Condenados a ganar.



Como una lápida enorme sobre la espalda, estamos sujetos a la idea enfermiza de que hay que ganar, de que hay que tener éxito en todo lo que se hace. Rendidos, involuntarios y como zombis buscamos siempre lo mejor, alguien o algo, o nosotros mismos quizá; nos aferramos a la idea de que hay que mejorar, si no es por fuera entonces hay que hacerlo por dentro.
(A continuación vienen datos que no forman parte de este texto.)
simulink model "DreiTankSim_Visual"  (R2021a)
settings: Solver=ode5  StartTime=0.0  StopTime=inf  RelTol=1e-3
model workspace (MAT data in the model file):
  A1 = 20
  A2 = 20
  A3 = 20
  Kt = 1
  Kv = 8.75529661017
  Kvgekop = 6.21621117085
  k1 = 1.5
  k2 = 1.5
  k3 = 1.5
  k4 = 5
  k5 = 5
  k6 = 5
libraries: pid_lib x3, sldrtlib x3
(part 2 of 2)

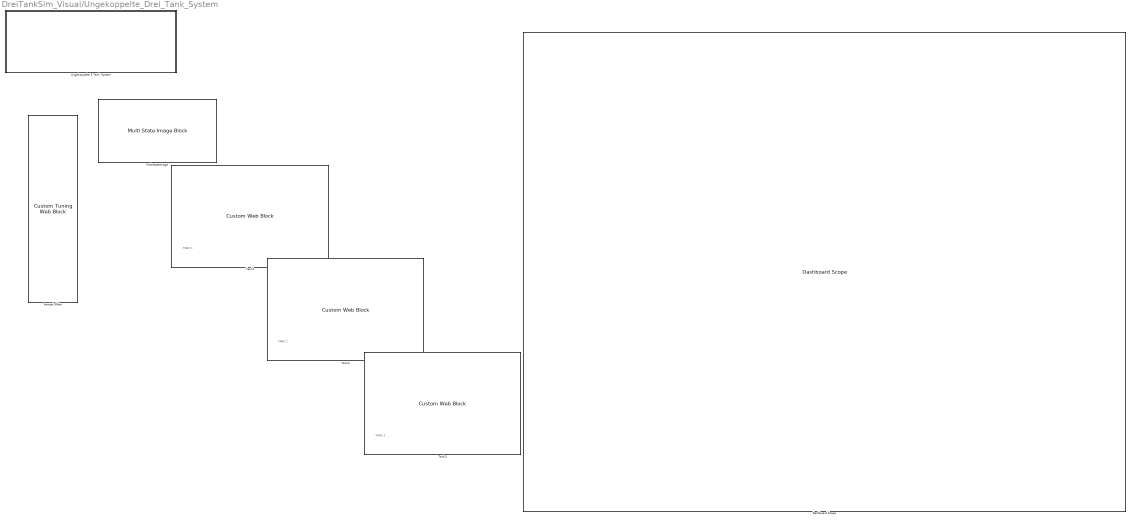
== system DreiTankSim_Visual/Ungekoppelte_Drei_Tank_System ==
  note: TANK 1
  note: TANK 2
  note: TANK 3
  Dashboard Scope : DashboardScope  Ymin=0  Ymax=300  LegendPosition=Right  ScaleAtStop=off  UpdateMode=Scroll
  MultiStateImage : MultiStateImageBlock  LabelPosition=Hide  ScaleMode=Fill
  Tank1 : CustomWebBlock  LabelPosition=Hide  ShowInitialText=on  Configuration="{\"components\":[{\"name\":\"LinearScaleComponent\",\"settings\":{\"bounds\":{\"max\":200,\"min\":0,\"tickInterval\":\"auto\"},\"internalTickHeightScaleFactor\":0.5,\"labelColor\":[0,255,0],\"labelFont\":{\"font\":\"Arial\",\"fontSize\":12},\"labelTransparency\":0.5,\"needleImage\":{\"size\":[21,75],\"src\":\"data:image\\/svg+xml;base64,PHN2ZyB4bWxucz0iaHR0cDovL3d3dy53My5vcmcvMjAwMC9zdmciIHhtbG5zOnhsaW5rPSJodHRwOi8vd3d3LnczLm9yZy8xOTk5L3hsaW5rIiB2aWV3Qm94PSIwIDAgMjEgNzUiPjxkZWZzPjxzdHlsZT4uY2xzLTF7ZmlsbDpub25lO30uY2xzLTJ7aXNvbGF0aW9uOmlzb2xhdGU7fS5jbHMtM3tjbGlwLXBhdGg6dXJsKCNjbGlwLXBhdGgpO30uY2xzLTR7b3BhY2l0eTowLjM7bWl4LWJsZW5kLW1vZGU6bXVsdGlwbHk7fS5jbHMtNXtmaWxsOiNlYjI2Mjk7fTwvc3R5bGU+PGNsaXBQYXRoIGlkPSJjbGlwLXBhdGgiIHRyYW5zZm9y ...(+1928 chars)\",\"srcOrientation\":\"horizontal\"},\"needleOffset\":[-0.01094391244870041,0],\"needleSize\":{\"height\":0.06,\"width\":0.48},\"position\":[0.010036879697493114,0.05628619691119691,0.4390685328185328,0.761262312683815],\"scaleColors\":[],\"scaleColorsSize\":0.2,\"showLabels\":1,\"showMinorTicks\":0,\"showSpanLine\":1,\"showTicks\":1,\"tickColor\":[204,204,204],\"tickTransparency\":0.5,\"valueBarColor\":[127,205,255],\"valueBarOffset\":0,\"valueBarSize\":0.95,\"valueBarTransparency\":1}},{\"name\":\"BackgroundImageComponent\",\"settings\":{\"image\":{\"size\":[267,174],\"src\":\"data:image\\/png;base64,iVBORw0KGgoAAAANSUhEUgAAAQsAAACuCAYAAAAh8yi7AAAACXBIWXMAABJ0AAASdAHeZh94AAAGS0lEQVR4Xu3d4W4TOxAGUEC8\\/yO3EESlUqD5HI83u+ODdH8gvF7PmeHLNqW5X774RYAAAQIECBAgQIAAAQIECBAgQIAAAQIECBAgQIAAAQIECBAgQIAAAQIECBAgQIAAAQInFPg6eaaXd9ff9nr9+d+3yT1d\\/jyBWz\\/fz4R+Pq8Xp7vz94ITzQZOwRFsQYDAagFPAauF7U+giUB1WHjKuPZg6N+1+7f09LNhYbiWtufpm+vv01twngPMhsV5KnESAgSWCgiLpbyX3\\/z23RC\\/CPwSEBYGgQCBSKA6LLwSRewWEbieQHVYXE\\/A ...(+1892 chars)\",\"srcOrientation\":\"vertical\"},\"position\":[0,0,1,1],\"scaleMode\":\"0\"}},{\"name\":\"ForegroundImageComponent\",\"settings\":{\"image\":{\"size\":[0,0],\"src\":\"default\",\"srcOrientation\":[]},\"isForeground\":1,\"position\":[0,0,1,1],\"scaleMode\":\"0\"}}],\"settings\":{\"BindingType\":\"signal\",\"backgroundColor\":[255,255,255,\"1\"],\"backgroundOffset\":0,\"backgroundOpacity\":0,\"fixedAspectRatio\":\"on\",\"orientation\":\"vertical\",\"showBackgroundColor\":false,\"value\":0},\"type\":\"LinearGauge\"}"
  Tank2 : CustomWebBlock  LabelPosition=Hide  ShowInitialText=on  Configuration="{\"components\":[{\"name\":\"LinearScaleComponent\",\"settings\":{\"bounds\":{\"max\":200,\"min\":0,\"tickInterval\":\"auto\"},\"internalTickHeightScaleFactor\":0.5,\"labelColor\":[0,255,0],\"labelFont\":{\"font\":\"Arial\",\"fontSize\":12},\"labelTransparency\":0.5,\"needleImage\":{\"size\":[21,75],\"src\":\"data:image\\/svg+xml;base64,PHN2ZyB4bWxucz0iaHR0cDovL3d3dy53My5vcmcvMjAwMC9zdmciIHhtbG5zOnhsaW5rPSJodHRwOi8vd3d3LnczLm9yZy8xOTk5L3hsaW5rIiB2aWV3Qm94PSIwIDAgMjEgNzUiPjxkZWZzPjxzdHlsZT4uY2xzLTF7ZmlsbDpub25lO30uY2xzLTJ7aXNvbGF0aW9uOmlzb2xhdGU7fS5jbHMtM3tjbGlwLXBhdGg6dXJsKCNjbGlwLXBhdGgpO30uY2xzLTR7b3BhY2l0eTowLjM7bWl4LWJsZW5kLW1vZGU6bXVsdGlwbHk7fS5jbHMtNXtmaWxsOiNlYjI2Mjk7fTwvc3R5bGU+PGNsaXBQYXRoIGlkPSJjbGlwLXBhdGgiIHRyYW5zZm9y ...(+1928 chars)\",\"srcOrientation\":\"horizontal\"},\"needleOffset\":[-0.01094391244870041,0],\"needleSize\":{\"height\":0.06,\"width\":0.48},\"position\":[0.010036879697493114,0.05628619691119691,0.4371380308880309,0.7582745903552589],\"scaleColors\":[],\"scaleColorsSize\":0.2,\"showLabels\":1,\"showMinorTicks\":0,\"showSpanLine\":1,\"showTicks\":1,\"tickColor\":[204,204,204],\"tickTransparency\":0.5,\"valueBarColor\":[127,205,255],\"valueBarOffset\":0,\"valueBarSize\":0.95,\"valueBarTransparency\":1}},{\"name\":\"BackgroundImageComponent\",\"settings\":{\"image\":{\"size\":[267,174],\"src\":\"data:image\\/png;base64,iVBORw0KGgoAAAANSUhEUgAAAQsAAACuCAYAAAAh8yi7AAAACXBIWXMAABJ0AAASdAHeZh94AAAGS0lEQVR4Xu3d4W4TOxAGUEC8\\/yO3EESlUqD5HI83u+ODdH8gvF7PmeHLNqW5X774RYAAAQIECBAgQIAAAQIECBAgQIAAAQIECBAgQIAAAQIECBAgQIAAAQIECBAgQIAAAQInFPg6eaaXd9ff9nr9+d+3yT1d\\/jyBWz\\/fz4R+Pq8Xp7vz94ITzQZOwRFsQYDAagFPAauF7U+giUB1WHjKuPZg6N+1+7f09LNhYbiWtufpm+vv01twngPMhsV5KnESAgSWCgiLpbyX3\\/z23RC\\/CPwSEBYGgQCBSKA6LLwSRewWEbieQHVYXE\\/A ...(+1892 chars)\",\"srcOrientation\":\"vertical\"},\"position\":[0,0,1,1],\"scaleMode\":\"0\"}},{\"name\":\"ForegroundImageComponent\",\"settings\":{\"image\":{\"size\":[0,0],\"src\":\"default\",\"srcOrientation\":[]},\"isForeground\":1,\"position\":[0,0,1,1],\"scaleMode\":\"0\"}}],\"settings\":{\"BindingType\":\"signal\",\"backgroundColor\":[255,255,255,\"1\"],\"backgroundOffset\":0,\"backgroundOpacity\":0,\"fixedAspectRatio\":\"on\",\"orientation\":\"vertical\",\"showBackgroundColor\":false,\"value\":147.88},\"type\":\"LinearGauge\"}"
  Tank3 : CustomWebBlock  LabelPosition=Hide  ShowInitialText=on  Configuration="{\"components\":[{\"name\":\"LinearScaleComponent\",\"settings\":{\"bounds\":{\"max\":200,\"min\":0,\"tickInterval\":\"auto\"},\"internalTickHeightScaleFactor\":0.5,\"labelColor\":[0,255,0],\"labelFont\":{\"font\":\"Arial\",\"fontSize\":12},\"labelTransparency\":0.5,\"needleImage\":{\"size\":[21,75],\"src\":\"data:image\\/svg+xml;base64,PHN2ZyB4bWxucz0iaHR0cDovL3d3dy53My5vcmcvMjAwMC9zdmciIHhtbG5zOnhsaW5rPSJodHRwOi8vd3d3LnczLm9yZy8xOTk5L3hsaW5rIiB2aWV3Qm94PSIwIDAgMjEgNzUiPjxkZWZzPjxzdHlsZT4uY2xzLTF7ZmlsbDpub25lO30uY2xzLTJ7aXNvbGF0aW9uOmlzb2xhdGU7fS5jbHMtM3tjbGlwLXBhdGg6dXJsKCNjbGlwLXBhdGgpO30uY2xzLTR7b3BhY2l0eTowLjM7bWl4LWJsZW5kLW1vZGU6bXVsdGlwbHk7fS5jbHMtNXtmaWxsOiNlYjI2Mjk7fTwvc3R5bGU+PGNsaXBQYXRoIGlkPSJjbGlwLXBhdGgiIHRyYW5zZm9y ...(+1928 chars)\",\"srcOrientation\":\"horizontal\"},\"needleOffset\":[-0.01094391244870041,0],\"needleSize\":{\"height\":0.06,\"width\":0.48},\"position\":[0.017523364485981307,0.057669082125603864,0.4331597222222222,0.7507593457943925],\"scaleColors\":[],\"scaleColorsSize\":0.2,\"showLabels\":1,\"showMinorTicks\":0,\"showSpanLine\":1,\"showTicks\":1,\"tickColor\":[204,204,204],\"tickTransparency\":0.5,\"valueBarColor\":[127,205,255],\"valueBarOffset\":0,\"valueBarSize\":0.95,\"valueBarTransparency\":1}},{\"name\":\"BackgroundImageComponent\",\"settings\":{\"image\":{\"size\":[267,174],\"src\":\"data:image\\/png;base64,iVBORw0KGgoAAAANSUhEUgAAAQsAAACuCAYAAAAh8yi7AAAACXBIWXMAABJ0AAASdAHeZh94AAAGS0lEQVR4Xu3d4W4TOxAGUEC8\\/yO3EESlUqD5HI83u+ODdH8gvF7PmeHLNqW5X774RYAAAQIECBAgQIAAAQIECBAgQIAAAQIECBAgQIAAAQIECBAgQIAAAQIECBAgQIAAAQInFPg6eaaXd9ff9nr9+d+3yT1d\\/jyBWz\\/fz4R+Pq8Xp7vz94ITzQZOwRFsQYDAagFPAauF7U+giUB1WHjKuPZg6N+1+7f09LNhYbiWtufpm+vv01twngPMhsV5KnESAgSWCgiLpbyX3\\/z23RC\\/CPwSEBYGgQCBSKA6LLwSRewWEbieQHVYXE\\/A ...(+1892 chars)\",\"srcOrientation\":\"vertical\"},\"position\":[0,0,1,1],\"scaleMode\":\"0\"}},{\"name\":\"ForegroundImageComponent\",\"settings\":{\"image\":{\"size\":[0,0],\"src\":\"default\",\"srcOrientation\":[]},\"isForeground\":1,\"position\":[0,0,1,1],\"scaleMode\":\"0\"}}],\"settings\":{\"BindingType\":\"signal\",\"backgroundColor\":[255,255,255,\"1\"],\"backgroundOffset\":0,\"backgroundOpacity\":0,\"fixedAspectRatio\":\"on\",\"orientation\":\"vertical\",\"showBackgroundColor\":false,\"value\":0},\"type\":\"LinearGauge\"}"
  "Ungekoppelte 3 Tank System " : Subsystem
      mask Display: image('C:\Users\Oğulcan\OneDrive\Masaüstü\GörOgiProjekt\MatlabGUİ\GuiTemiz\Taulogo.png'); % Use "Edit Image" on toolstrip to change.
  Vertical Slider : CustomTuningWebBlock  LabelPosition=Hide  ShowInitialText=on  Configuration="{\"components\":[{\"name\":\"LinearScaleComponent\",\"settings\":{\"bounds\":{\"max\":20,\"min\":0,\"tickInterval\":1},\"internalTickHeightScaleFactor\":1,\"labelColor\":[255,255,0],\"labelFont\":{\"font\":\"Arial\",\"fontSize\":12},\"labelOffset\":0.05,\"labelTransparency\":1,\"needleImage\":{\"size\":[842,596],\"src\":\"data:image\\/svg+xml;base64,PD94bWwgdmVyc2lvbj0iMS4wIiBlbmNvZGluZz0idXRmLTgiPz4NCjwhLS0gR2VuZXJhdG9yOiBBZG9iZSBJbGx1c3RyYXRvciAyNS4wLjAsIFNWRyBFeHBvcnQgUGx1Zy1JbiAuIFNWRyBWZXJzaW9uOiA2LjAwIEJ1aWxkIDApICAtLT4NCjxzdmcgdmVyc2lvbj0iMS4xIg0KCSBpZD0ic3ZnOCIgeG1sbnM6Y2M9Imh0dHA6Ly9jcmVhdGl2ZWNvbW1vbnMub3JnL25zIyIgeG1sbnM6ZGM9Imh0dHA6Ly9wdXJsLm9yZy9kYy9lbGVtZW50cy8xLjEvIiB4bWxuczppbmtzY2FwZT0iaHR0cDovL3d3dy5pbmtzY2FwZS5vcmcvbmFtZXNw ...(+2376 chars)\",\"srcOrientation\":\"vertical\"},\"needleOffset\":[0.02,-0.8],\"needleSize\":{\"height\":0.07532387955182072,\"width\":0.43386243386243384},\"position\":[0.027412280701754384,0.2830188679245283,0.5832841981132075,0.9524201127819549],\"scaleColors\":[],\"scaleColorsSize\":0.2,\"showLabels\":1,\"showMinorTicks\":0,\"showSpanLine\":1,\"showTicks\":1,\"tickColor\":[234,234,234],\"tickTransparency\":1,\"valueBarColor\":[0,255,255],\"valueBarOffset\":-0.3,\"valueBarSize\":0.15,\"valueBarTransparency\":1}},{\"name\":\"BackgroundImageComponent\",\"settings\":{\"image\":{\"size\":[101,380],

Y ese pasó extra, esa idea idiotizante que nos condena a seguir y despertar cada día por algo mejor.

¿Qué es lo mejor? ¿Un gobierno mejor? ¿Un sueldo mejor? ¿Un mejor alimento? ¿Un mejor trabajo? ¿Una mejor educación?

Idiotas creemos que el éxito se ha convertido en la fuente de virtudes, la virtud máxima, la virtud dadora, y no es así.

Entonces ¿Me quedó de pie frente a la banqueta esperando a que alguien venga por mí, a que me consuma el hambre, a tener este momento de máxima fatiga en mi vida? ¿Acaso debo de esperar que el tiempo pase hasta el día de mi muerte? ¿No es de lo humano construir? ¿No es de lo humano la destrucción?

¿Qué pasa si no ejerzo mi posibilidad?

Hoy salgo a la calle camino entre las casas construidas desde hace más de cincuenta años, en la esquina el mismo señor que ha boleado zapatos por los últimos veinticinco años, su bata sucia de las mangas, el mismo sillín, la misma caja de madera, la misma técnica repetida día tras días, desde el primero, hasta el último en que sus manos se puedan mover.